E3 PreliminaryPreliminaryPEM ?Peer-reviewedMachine draft
Recovery from refractory chronic fatigue syndrome with CBT and modafinil.
Garg, Himanshu, Douglas, Maggie, Turkington, Gordon Douglas et al. · BMJ case reports · 2021 · DOI
Quick Summary
This small study looked at three patients with severe, long-lasting ME/CFS who had not improved with standard treatments. When doctors added a medication called modafinil to cognitive behavioral therapy (CBT), two of the three patients reported meaningful improvements in fatigue, pain, and concentration, and all three were able to return to work or study. This suggests that combining modafinil with CBT might help some treatment-resistant patients, though more research is needed.
Why It Matters
For severely disabled ME/CFS patients who have failed conventional treatments, this case series offers preliminary hope that medication augmentation of psychological therapy might facilitate functional recovery.

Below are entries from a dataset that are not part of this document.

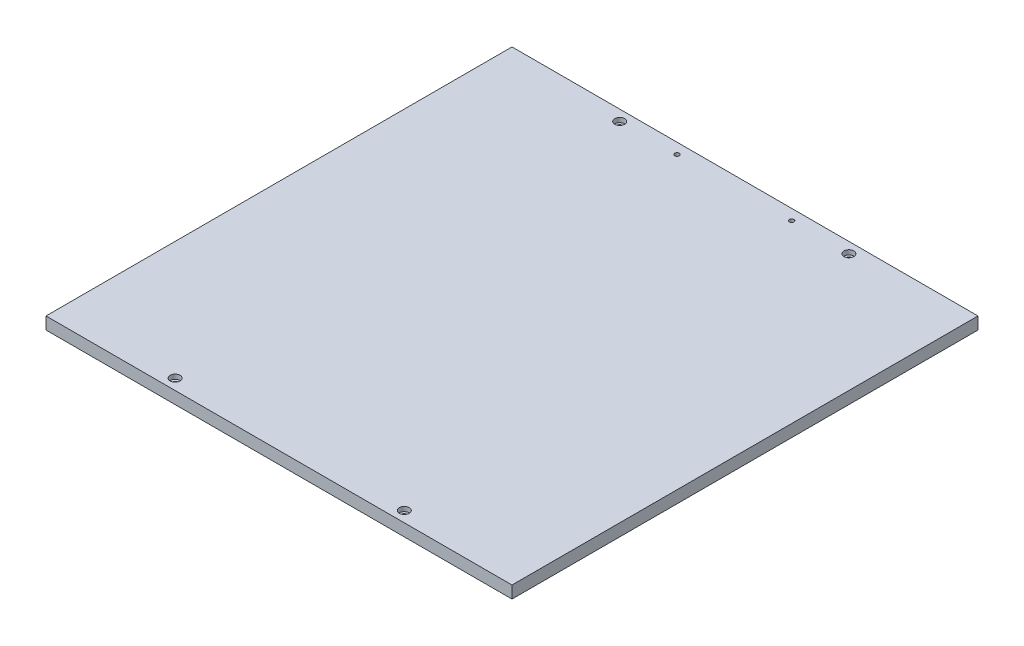
ISO-10303-21;
HEADER;
FILE_DESCRIPTION(('STEP AP214'),'2;1');
FILE_NAME('part.step','',(''),(''),'','','');
FILE_SCHEMA(('AUTOMOTIVE_DESIGN { 1 0 10303 214 1 1 1 1 }'));
ENDSEC;
DATA;
#1=APPLICATION_CONTEXT('core data for automotive mechanical design processes');
#2=APPLICATION_PROTOCOL_DEFINITION('international standard','automotive_design',2000,#1);
#3=PRODUCT_CONTEXT('',#1,'mechanical');
#4=PRODUCT('Part','Part','',(#3));
#5=PRODUCT_RELATED_PRODUCT_CATEGORY('part','',(#4));
#6=PRODUCT_DEFINITION_FORMATION('','',#4);
#7=PRODUCT_DEFINITION_CONTEXT('part definition',#1,'design');
#8=PRODUCT_DEFINITION('design','',#6,#7);
#9=PRODUCT_DEFINITION_SHAPE('','',#8);
#10=(LENGTH_UNIT() NAMED_UNIT(*) SI_UNIT(.MILLI.,.METRE.));
#11=(NAMED_UNIT(*) PLANE_ANGLE_UNIT() SI_UNIT($,.RADIAN.));
#12=(NAMED_UNIT(*) SI_UNIT($,.STERADIAN.) SOLID_ANGLE_UNIT());
#13=UNCERTAINTY_MEASURE_WITH_UNIT(LENGTH_MEASURE(1.E-05),#10,'distance_accuracy_value','');
#14=(GEOMETRIC_REPRESENTATION_CONTEXT(3) GLOBAL_UNCERTAINTY_ASSIGNED_CONTEXT((#13)) GLOBAL_UNIT_ASSIGNED_CONTEXT((#10,
#11,#12)) REPRESENTATION_CONTEXT('',''));
#15=CARTESIAN_POINT('',(0.,0.,0.));
#16=DIRECTION('',(0.,0.,1.));
#17=DIRECTION('',(1.,0.,0.));
#18=AXIS2_PLACEMENT_3D('',#15,#16,#17);
#19=CARTESIAN_POINT('',(152.5,8.,152.5));
#20=DIRECTION('',(-1.,0.,0.));
#21=DIRECTION('',(0.,0.,1.));
#22=AXIS2_PLACEMENT_3D('',#19,#20,#21);
#23=PLANE('',#22);
#24=DIRECTION('',(0.,0.,-1.));
#25=VECTOR('',#24,1.);
#26=CARTESIAN_POINT('',(152.5,0.,152.5));
#27=LINE('',#26,#25);
#28=CARTESIAN_POINT('',(152.5,0.,152.5));
#29=VERTEX_POINT('',#28);
#30=CARTESIAN_POINT('',(152.5,0.,-152.5));
#31=VERTEX_POINT('',#30);
#32=EDGE_CURVE('E111',#29,#31,#27,.T.);
#33=ORIENTED_EDGE('',*,*,#32,.T.);
#34=DIRECTION('',(0.,-1.,0.));
#35=VECTOR('',#34,1.);
#36=CARTESIAN_POINT('',(152.5,8.,-152.5));
#37=LINE('',#36,#35);
#38=CARTESIAN_POINT('',(152.5,8.,-152.5));
#39=VERTEX_POINT('',#38);
#40=EDGE_CURVE('E11',#39,#31,#37,.T.);
#41=ORIENTED_EDGE('',*,*,#40,.F.);
#42=DIRECTION('',(0.,0.,-1.));
#43=VECTOR('',#42,1.);
#44=CARTESIAN_POINT('',(152.5,8.,152.5));
#45=LINE('',#44,#43);
#46=CARTESIAN_POINT('',(152.5,8.,152.5));
#47=VERTEX_POINT('',#46);
#48=EDGE_CURVE('E95',#47,#39,#45,.T.);
#49=ORIENTED_EDGE('',*,*,#48,.F.);
#50=DIRECTION('',(0.,-1.,0.));
#51=VECTOR('',#50,1.);
#52=CARTESIAN_POINT('',(152.5,8.,152.5));
#53=LINE('',#52,#51);
#54=EDGE_CURVE('E107',#47,#29,#53,.T.);
#55=ORIENTED_EDGE('',*,*,#54,.T.);
#56=EDGE_LOOP('',(#33,#41,#49,#55));
#57=FACE_BOUND('',#56,.T.);
#58=ADVANCED_FACE('F43',(#57),#23,.F.);
#59=CARTESIAN_POINT('',(-152.5,8.,-152.5));
#60=DIRECTION('',(0.,0.,1.));
#61=DIRECTION('',(1.,0.,0.));
#62=AXIS2_PLACEMENT_3D('',#59,#60,#61);
#63=PLANE('',#62);
#64=DIRECTION('',(-1.,0.,0.));
#65=VECTOR('',#64,1.);
#66=CARTESIAN_POINT('',(-152.5,0.,-152.5));
#67=LINE('',#66,#65);
#68=CARTESIAN_POINT('',(-152.5,0.,-152.5));
#69=VERTEX_POINT('',#68);
#70=EDGE_CURVE('E100',#31,#69,#67,.T.);
#71=ORIENTED_EDGE('',*,*,#70,.T.);
#72=DIRECTION('',(0.,-1.,0.));
#73=VECTOR('',#72,1.);
#74=CARTESIAN_POINT('',(-152.5,8.,-152.5));
#75=LINE('',#74,#73);
#76=CARTESIAN_POINT('',(-152.5,8.,-152.5));
#77=VERTEX_POINT('',#76);
#78=EDGE_CURVE('E52',#77,#69,#75,.T.);
#79=ORIENTED_EDGE('',*,*,#78,.F.);
#80=DIRECTION('',(-1.,0.,0.));
#81=VECTOR('',#80,1.);
#82=CARTESIAN_POINT('',(-152.5,8.,-152.5));
#83=LINE('',#82,#81);
#84=EDGE_CURVE('E90',#39,#77,#83,.T.);
#85=ORIENTED_EDGE('',*,*,#84,.F.);
#86=ORIENTED_EDGE('',*,*,#40,.T.);
#87=EDGE_LOOP('',(#71,#79,#85,#86));
#88=FACE_BOUND('',#87,.T.);
#89=ADVANCED_FACE('F99',(#88),#63,.F.);
#90=CARTESIAN_POINT('',(-152.5,8.,152.5));
#91=DIRECTION('',(1.,0.,0.));
#92=DIRECTION('',(0.,0.,-1.));
#93=AXIS2_PLACEMENT_3D('',#90,#91,#92);
#94=PLANE('',#93);
#95=DIRECTION('',(0.,0.,1.));
#96=VECTOR('',#95,1.);
#97=CARTESIAN_POINT('',(-152.5,0.,152.5));
#98=LINE('',#97,#96);
#99=CARTESIAN_POINT('',(-152.5,0.,152.5));
#100=VERTEX_POINT('',#99);
#101=EDGE_CURVE('E77',#69,#100,#98,.T.);
#102=ORIENTED_EDGE('',*,*,#101,.T.);
#103=DIRECTION('',(0.,-1.,0.));
#104=VECTOR('',#103,1.);
#105=CARTESIAN_POINT('',(-152.5,8.,152.5));
#106=LINE('',#105,#104);
#107=CARTESIAN_POINT('',(-152.5,8.,152.5));
#108=VERTEX_POINT('',#107);
#109=EDGE_CURVE('E102',#108,#100,#106,.T.);
#110=ORIENTED_EDGE('',*,*,#109,.F.);
#111=DIRECTION('',(0.,0.,1.));
#112=VECTOR('',#111,1.);
#113=CARTESIAN_POINT('',(-152.5,8.,152.5));
#114=LINE('',#113,#112);
#115=EDGE_CURVE('E93',#77,#108,#114,.T.);
#116=ORIENTED_EDGE('',*,*,#115,.F.);
#117=ORIENTED_EDGE('',*,*,#78,.T.);
#118=EDGE_LOOP('',(#102,#110,#116,#117));
#119=FACE_BOUND('',#118,.T.);
#120=ADVANCED_FACE('F103',(#119),#94,.F.);
#121=CARTESIAN_POINT('',(-152.5,8.,152.5));
#122=DIRECTION('',(0.,0.,-1.));
#123=DIRECTION('',(-1.,0.,0.));
#124=AXIS2_PLACEMENT_3D('',#121,#122,#123);
#125=PLANE('',#124);
#126=DIRECTION('',(1.,0.,0.));
#127=VECTOR('',#126,1.);
#128=CARTESIAN_POINT('',(-152.5,0.,152.5));
#129=LINE('',#128,#127);
#130=EDGE_CURVE('E83',#100,#29,#129,.T.);
#131=ORIENTED_EDGE('',*,*,#130,.T.);
#132=ORIENTED_EDGE('',*,*,#54,.F.);
#133=DIRECTION('',(1.,0.,0.));
#134=VECTOR('',#133,1.);
#135=CARTESIAN_POINT('',(-152.5,8.,152.5));
#136=LINE('',#135,#134);
#137=EDGE_CURVE('E60',#108,#47,#136,.T.);
#138=ORIENTED_EDGE('',*,*,#137,.F.);
#139=ORIENTED_EDGE('',*,*,#109,.T.);
#140=EDGE_LOOP('',(#131,#132,#138,#139));
#141=FACE_BOUND('',#140,.T.);
#142=ADVANCED_FACE('F125',(#141),#125,.F.);
#143=CARTESIAN_POINT('',(0.,8.,0.));
#144=DIRECTION('',(0.,-1.,0.));
#145=DIRECTION('',(0.,0.,-1.));
#146=AXIS2_PLACEMENT_3D('',#143,#144,#145);
#147=PLANE('',#146);
#148=CARTESIAN_POINT('',(-37.5,8.,-145.5));
#149=DIRECTION('',(0.,1.,0.));
#150=DIRECTION('',(0.,0.,1.));
#151=AXIS2_PLACEMENT_3D('',#148,#149,#150);
#152=CIRCLE('',#151,1.5);
#153=CARTESIAN_POINT('',(-37.5,8.,-144.));
#154=VERTEX_POINT('',#153);
#155=EDGE_CURVE('E207',#154,#154,#152,.T.);
#156=ORIENTED_EDGE('',*,*,#155,.F.);
#157=EDGE_LOOP('',(#156));
#158=FACE_BOUND('',#157,.T.);
#159=CARTESIAN_POINT('',(37.5,8.,-145.5));
#160=DIRECTION('',(0.,1.,0.));
#161=DIRECTION('',(0.,0.,1.));
#162=AXIS2_PLACEMENT_3D('',#159,#160,#161);
#163=CIRCLE('',#162,1.5);
#164=CARTESIAN_POINT('',(37.5,8.,-144.));
#165=VERTEX_POINT('',#164);
#166=EDGE_CURVE('E199',#165,#165,#163,.T.);
#167=ORIENTED_EDGE('',*,*,#166,.F.);
#168=EDGE_LOOP('',(#167));
#169=FACE_BOUND('',#168,.T.);
#170=CARTESIAN_POINT('',(-75.,8.,-145.5));
#171=DIRECTION('',(0.,1.,0.));
#172=DIRECTION('',(0.,0.,1.));
#173=AXIS2_PLACEMENT_3D('',#170,#171,#172);
#174=CIRCLE('',#173,3.25);
#175=CARTESIAN_POINT('',(-75.,8.,-142.25));
#176=VERTEX_POINT('',#175);
#177=EDGE_CURVE('E191',#176,#176,#174,.T.);
#178=ORIENTED_EDGE('',*,*,#177,.F.);
#179=EDGE_LOOP('',(#178));
#180=FACE_BOUND('',#179,.T.);
#181=CARTESIAN_POINT('',(75.,8.,-145.5));
#182=DIRECTION('',(0.,1.,0.));
#183=DIRECTION('',(0.,0.,1.));
#184=AXIS2_PLACEMENT_3D('',#181,#182,#183);
#185=CIRCLE('',#184,3.25);
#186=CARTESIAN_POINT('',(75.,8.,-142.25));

The findings challenge treatment nihilism in refractory cases and suggest potential value in investigating modafinil as an adjunctive agent in adequately powered trials.
Observed Findings
- Two of three patients achieved ≥2-point improvements on 10-point Likert scales for energy and pain/concentration
- All three patients achieved social recovery, defined as return to work or full-time training
- Mean disease duration before treatment was 17.66 years
- Outcomes were tracked over 10-24 months of combined modafinil and CBT treatment
- Patients had previously failed to respond to standard evidence-based treatments
Inferred Conclusions
- Medium-term modafinil prescription may potentiate the benefits of CBT in treatment-resistant CFS
- Combination pharmacological and psychological approaches may facilitate social recovery in severely disabled patients
- Some patients with refractory CFS may benefit from repeated or optimized medication trials
Remaining Questions
- What is the optimal dose and duration of modafinil for ME/CFS patients?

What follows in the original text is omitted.